*** Data supplied Section Begins ***
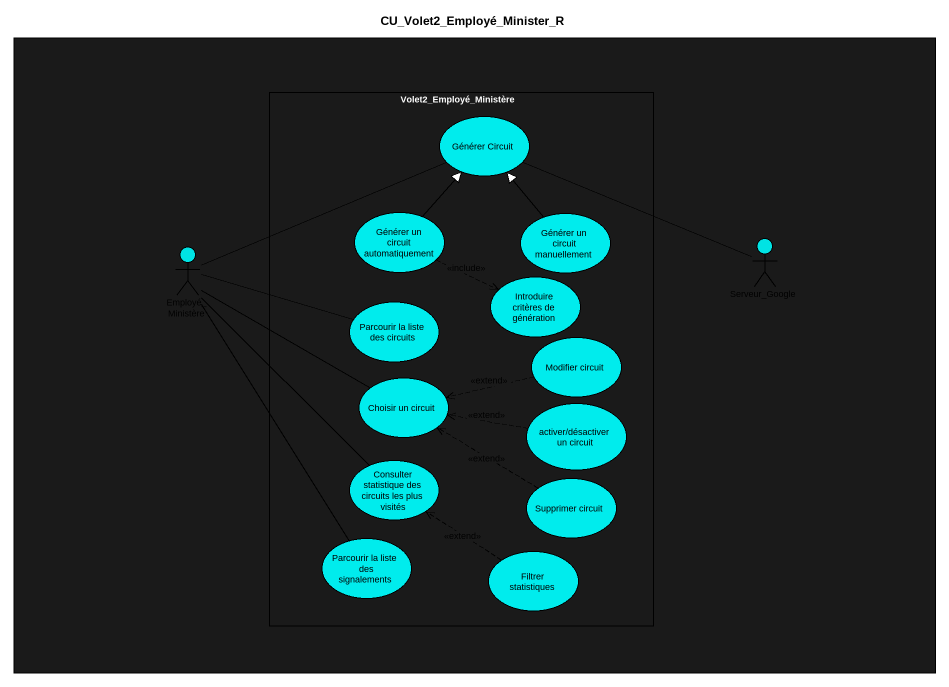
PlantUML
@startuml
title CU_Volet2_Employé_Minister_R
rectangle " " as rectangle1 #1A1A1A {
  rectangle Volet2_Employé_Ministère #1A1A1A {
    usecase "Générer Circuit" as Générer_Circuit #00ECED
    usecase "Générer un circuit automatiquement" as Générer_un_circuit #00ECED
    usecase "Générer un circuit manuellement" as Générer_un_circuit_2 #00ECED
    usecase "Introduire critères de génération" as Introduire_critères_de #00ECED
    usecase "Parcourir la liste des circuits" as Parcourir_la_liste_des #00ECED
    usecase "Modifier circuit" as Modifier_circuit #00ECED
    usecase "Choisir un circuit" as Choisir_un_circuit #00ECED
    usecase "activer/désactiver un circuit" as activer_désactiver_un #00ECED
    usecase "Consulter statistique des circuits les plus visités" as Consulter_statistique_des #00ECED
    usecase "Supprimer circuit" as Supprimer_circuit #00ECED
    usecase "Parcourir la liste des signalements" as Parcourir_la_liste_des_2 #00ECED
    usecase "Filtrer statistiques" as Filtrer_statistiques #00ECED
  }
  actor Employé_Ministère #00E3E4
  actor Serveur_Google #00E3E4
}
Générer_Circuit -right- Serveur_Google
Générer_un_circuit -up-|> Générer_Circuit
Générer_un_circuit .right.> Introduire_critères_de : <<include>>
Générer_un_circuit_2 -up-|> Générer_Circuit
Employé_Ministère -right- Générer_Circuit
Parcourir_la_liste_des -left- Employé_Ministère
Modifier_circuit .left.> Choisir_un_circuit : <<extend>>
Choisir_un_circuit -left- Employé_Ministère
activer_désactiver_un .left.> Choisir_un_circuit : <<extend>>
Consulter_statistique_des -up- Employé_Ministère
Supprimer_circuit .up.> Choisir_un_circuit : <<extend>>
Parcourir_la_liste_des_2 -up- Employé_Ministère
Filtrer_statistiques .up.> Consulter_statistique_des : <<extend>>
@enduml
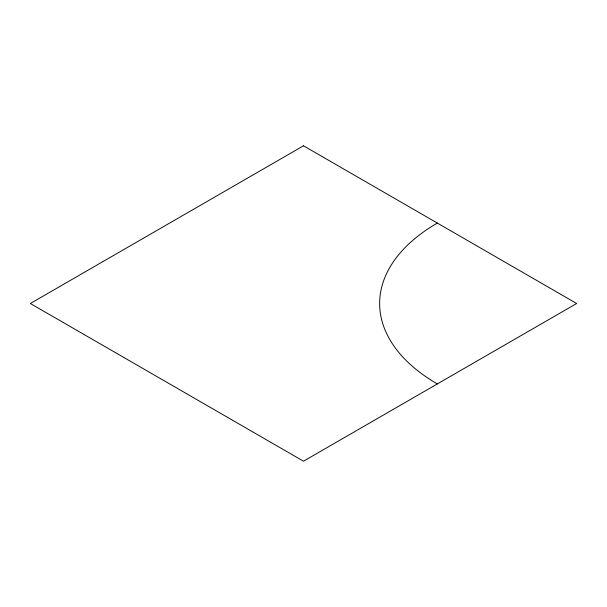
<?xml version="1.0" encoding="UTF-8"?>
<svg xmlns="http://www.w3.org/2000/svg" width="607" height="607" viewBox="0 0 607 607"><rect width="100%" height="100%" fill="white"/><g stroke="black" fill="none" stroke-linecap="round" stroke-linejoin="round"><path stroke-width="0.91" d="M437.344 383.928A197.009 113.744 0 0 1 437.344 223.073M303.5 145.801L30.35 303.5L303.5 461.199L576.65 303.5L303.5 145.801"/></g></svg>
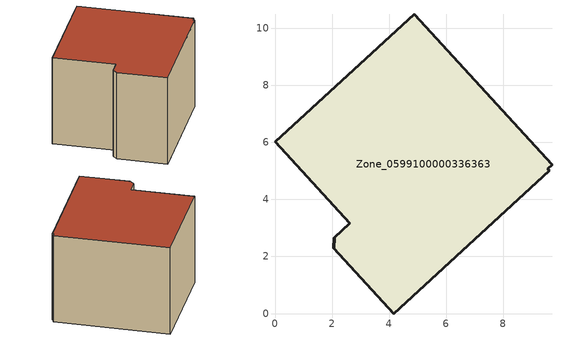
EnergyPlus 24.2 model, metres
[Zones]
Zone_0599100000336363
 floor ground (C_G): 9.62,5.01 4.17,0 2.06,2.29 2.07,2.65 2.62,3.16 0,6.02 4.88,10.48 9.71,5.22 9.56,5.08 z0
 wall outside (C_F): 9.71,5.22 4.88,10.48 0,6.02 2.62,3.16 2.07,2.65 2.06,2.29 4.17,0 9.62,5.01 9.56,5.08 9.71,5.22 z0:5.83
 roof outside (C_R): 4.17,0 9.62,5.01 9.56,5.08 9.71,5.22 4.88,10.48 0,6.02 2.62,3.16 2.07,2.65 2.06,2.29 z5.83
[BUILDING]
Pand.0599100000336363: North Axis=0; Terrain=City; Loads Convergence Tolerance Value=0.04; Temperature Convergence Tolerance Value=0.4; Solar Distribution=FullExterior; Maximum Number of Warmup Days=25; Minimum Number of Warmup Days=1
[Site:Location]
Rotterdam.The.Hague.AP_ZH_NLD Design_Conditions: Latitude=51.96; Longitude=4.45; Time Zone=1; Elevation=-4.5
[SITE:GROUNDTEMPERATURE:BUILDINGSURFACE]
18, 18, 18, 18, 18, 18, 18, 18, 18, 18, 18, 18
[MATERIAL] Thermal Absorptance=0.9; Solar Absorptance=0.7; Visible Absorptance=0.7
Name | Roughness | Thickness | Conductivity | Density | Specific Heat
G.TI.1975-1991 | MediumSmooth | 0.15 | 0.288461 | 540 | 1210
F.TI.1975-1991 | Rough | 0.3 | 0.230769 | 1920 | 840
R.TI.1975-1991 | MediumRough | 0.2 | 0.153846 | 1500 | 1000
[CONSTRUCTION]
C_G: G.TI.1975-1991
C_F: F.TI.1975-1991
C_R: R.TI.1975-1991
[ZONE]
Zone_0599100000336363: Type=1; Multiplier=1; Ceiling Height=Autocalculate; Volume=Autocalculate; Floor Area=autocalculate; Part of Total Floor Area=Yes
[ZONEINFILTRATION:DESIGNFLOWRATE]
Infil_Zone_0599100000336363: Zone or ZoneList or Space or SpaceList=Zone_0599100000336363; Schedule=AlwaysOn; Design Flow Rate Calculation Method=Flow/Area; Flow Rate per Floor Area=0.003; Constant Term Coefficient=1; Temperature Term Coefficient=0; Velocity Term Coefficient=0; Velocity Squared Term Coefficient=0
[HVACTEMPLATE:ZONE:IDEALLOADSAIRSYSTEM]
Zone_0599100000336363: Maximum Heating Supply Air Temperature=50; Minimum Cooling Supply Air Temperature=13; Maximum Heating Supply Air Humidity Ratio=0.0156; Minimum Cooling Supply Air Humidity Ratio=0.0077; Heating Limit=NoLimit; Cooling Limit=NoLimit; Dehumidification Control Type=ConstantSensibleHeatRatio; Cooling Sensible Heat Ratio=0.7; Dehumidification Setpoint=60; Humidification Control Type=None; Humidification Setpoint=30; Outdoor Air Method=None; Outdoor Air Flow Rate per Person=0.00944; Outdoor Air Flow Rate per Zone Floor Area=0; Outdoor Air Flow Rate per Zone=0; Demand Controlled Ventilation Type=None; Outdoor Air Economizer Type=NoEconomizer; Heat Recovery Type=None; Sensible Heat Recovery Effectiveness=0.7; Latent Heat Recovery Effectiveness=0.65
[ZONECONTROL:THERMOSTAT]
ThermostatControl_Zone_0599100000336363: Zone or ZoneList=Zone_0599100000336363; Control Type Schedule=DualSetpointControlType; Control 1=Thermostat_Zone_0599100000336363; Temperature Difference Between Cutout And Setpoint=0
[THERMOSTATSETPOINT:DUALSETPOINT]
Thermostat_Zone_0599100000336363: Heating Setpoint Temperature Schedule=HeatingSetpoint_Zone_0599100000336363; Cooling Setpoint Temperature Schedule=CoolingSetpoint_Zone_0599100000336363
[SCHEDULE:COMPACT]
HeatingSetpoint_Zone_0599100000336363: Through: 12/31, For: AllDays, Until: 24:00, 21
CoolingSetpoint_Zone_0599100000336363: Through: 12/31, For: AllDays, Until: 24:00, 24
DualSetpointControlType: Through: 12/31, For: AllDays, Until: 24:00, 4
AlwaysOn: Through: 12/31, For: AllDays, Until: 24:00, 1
*** Data supplied Section Ends ***
Your assignment: Your answer must be an exact copy of the records, free of images.

Response for this exercise:
PlantUML
@startuml
title CU_Volet2_Employé_Minister_R
rectangle " " as rectangle1 #1A1A1A {
  rectangle Volet2_Employé_Ministère #1A1A1A {
    usecase "Générer Circuit" as Générer_Circuit #00ECED
    usecase "Générer un circuit automatiquement" as Générer_un_circuit #00ECED
    usecase "Générer un circuit manuellement" as Générer_un_circuit_2 #00ECED
    usecase "Introduire critères de génération" as Introduire_critères_de #00ECED
    usecase "Parcourir la liste des circuits" as Parcourir_la_liste_des #00ECED
    usecase "Modifier circuit" as Modifier_circuit #00ECED
    usecase "Choisir un circuit" as Choisir_un_circuit #00ECED
    usecase "activer/désactiver un circuit" as activer_désactiver_un #00ECED
    usecase "Consulter statistique des circuits les plus visités" as Consulter_statistique_des #00ECED
    usecase "Supprimer circuit" as Supprimer_circuit #00ECED
    usecase "Parcourir la liste des signalements" as Parcourir_la_liste_des_2 #00ECED
    usecase "Filtrer statistiques" as Filtrer_statistiques #00ECED
  }
  actor Employé_Ministère #00E3E4
  actor Serveur_Google #00E3E4
}
Générer_Circuit -right- Serveur_Google
Générer_un_circuit -up-|> Générer_Circuit
Générer_un_circuit .right.> Introduire_critères_de : <<include>>
Générer_un_circuit_2 -up-|> Générer_Circuit
Employé_Ministère -right- Générer_Circuit
Parcourir_la_liste_des -left- Employé_Ministère
Modifier_circuit .left.> Choisir_un_circuit : <<extend>>
Choisir_un_circuit -left- Employé_Ministère
activer_désactiver_un .left.> Choisir_un_circuit : <<extend>>
Consulter_statistique_des -up- Employé_Ministère
Supprimer_circuit .up.> Choisir_un_circuit : <<extend>>
Parcourir_la_liste_des_2 -up- Employé_Ministère
Filtrer_statistiques .up.> Consulter_statistique_des : <<extend>>
@enduml
<?xml version="1.0" encoding="UTF-8"?>
<svg xmlns="http://www.w3.org/2000/svg" width="607" height="607" viewBox="0 0 607 607"><rect width="100%" height="100%" fill="white"/><g stroke="black" fill="none" stroke-linecap="round" stroke-linejoin="round"><path stroke-width="0.91" d="M437.344 383.928A197.009 113.744 0 0 1 437.344 223.073M303.5 145.801L30.35 303.5L303.5 461.199L576.65 303.5L303.5 145.801"/></g></svg>
EnergyPlus 24.2 model, metres
[Zones]
Zone_0599100000336363
 floor ground (C_G): 9.62,5.01 4.17,0 2.06,2.29 2.07,2.65 2.62,3.16 0,6.02 4.88,10.48 9.71,5.22 9.56,5.08 z0
 wall outside (C_F): 9.71,5.22 4.88,10.48 0,6.02 2.62,3.16 2.07,2.65 2.06,2.29 4.17,0 9.62,5.01 9.56,5.08 9.71,5.22 z0:5.83
 roof outside (C_R): 4.17,0 9.62,5.01 9.56,5.08 9.71,5.22 4.88,10.48 0,6.02 2.62,3.16 2.07,2.65 2.06,2.29 z5.83
[BUILDING]
Pand.0599100000336363: North Axis=0; Terrain=City; Loads Convergence Tolerance Value=0.04; Temperature Convergence Tolerance Value=0.4; Solar Distribution=FullExterior; Maximum Number of Warmup Days=25; Minimum Number of Warmup Days=1
[Site:Location]
Rotterdam.The.Hague.AP_ZH_NLD Design_Conditions: Latitude=51.96; Longitude=4.45; Time Zone=1; Elevation=-4.5
[SITE:GROUNDTEMPERATURE:BUILDINGSURFACE]
18, 18, 18, 18, 18, 18, 18, 18, 18, 18, 18, 18
[MATERIAL] Thermal Absorptance=0.9; Solar Absorptance=0.7; Visible Absorptance=0.7
Name | Roughness | Thickness | Conductivity | Density | Specific Heat
G.TI.1975-1991 | MediumSmooth | 0.15 | 0.288461 | 540 | 1210
F.TI.1975-1991 | Rough | 0.3 | 0.230769 | 1920 | 840
R.TI.1975-1991 | MediumRough | 0.2 | 0.153846 | 1500 | 1000
[CONSTRUCTION]
C_G: G.TI.1975-1991
C_F: F.TI.1975-1991
C_R: R.TI.1975-1991
[ZONE]
Zone_0599100000336363: Type=1; Multiplier=1; Ceiling Height=Autocalculate; Volume=Autocalculate; Floor Area=autocalculate; Part of Total Floor Area=Yes
[ZONEINFILTRATION:DESIGNFLOWRATE]
Infil_Zone_0599100000336363: Zone or ZoneList or Space or SpaceList=Zone_0599100000336363; Schedule=AlwaysOn; Design Flow Rate Calculation Method=Flow/Area; Flow Rate per Floor Area=0.003; Constant Term Coefficient=1; Temperature Term Coefficient=0; Velocity Term Coefficient=0; Velocity Squared Term Coefficient=0
[HVACTEMPLATE:ZONE:IDEALLOADSAIRSYSTEM]
Zone_0599100000336363: Maximum Heating Supply Air Temperature=50; Minimum Cooling Supply Air Temperature=13; Maximum Heating Supply Air Humidity Ratio=0.0156; Minimum Cooling Supply Air Humidity Ratio=0.0077; Heating Limit=NoLimit; Cooling Limit=NoLimit; Dehumidification Control Type=ConstantSensibleHeatRatio; Cooling Sensible Heat Ratio=0.7; Dehumidification Setpoint=60; Humidification Control Type=None; Humidification Setpoint=30; Outdoor Air Method=None; Outdoor Air Flow Rate per Person=0.00944; Outdoor Air Flow Rate per Zone Floor Area=0; Outdoor Air Flow Rate per Zone=0; Demand Controlled Ventilation Type=None; Outdoor Air Economizer Type=NoEconomizer; Heat Recovery Type=None; Sensible Heat Recovery Effectiveness=0.7; Latent Heat Recovery Effectiveness=0.65
[ZONECONTROL:THERMOSTAT]
ThermostatControl_Zone_0599100000336363: Zone or ZoneList=Zone_0599100000336363; Control Type Schedule=DualSetpointControlType; Control 1=Thermostat_Zone_0599100000336363; Temperature Difference Between Cutout And Setpoint=0
[THERMOSTATSETPOINT:DUALSETPOINT]
Thermostat_Zone_0599100000336363: Heating Setpoint Temperature Schedule=HeatingSetpoint_Zone_0599100000336363; Cooling Setpoint Temperature Schedule=CoolingSetpoint_Zone_0599100000336363
[SCHEDULE:COMPACT]
HeatingSetpoint_Zone_0599100000336363: Through: 12/31, For: AllDays, Until: 24:00, 21
CoolingSetpoint_Zone_0599100000336363: Through: 12/31, For: AllDays, Until: 24:00, 24
DualSetpointControlType: Through: 12/31, For: AllDays, Until: 24:00, 4
AlwaysOn: Through: 12/31, For: AllDays, Until: 24:00, 1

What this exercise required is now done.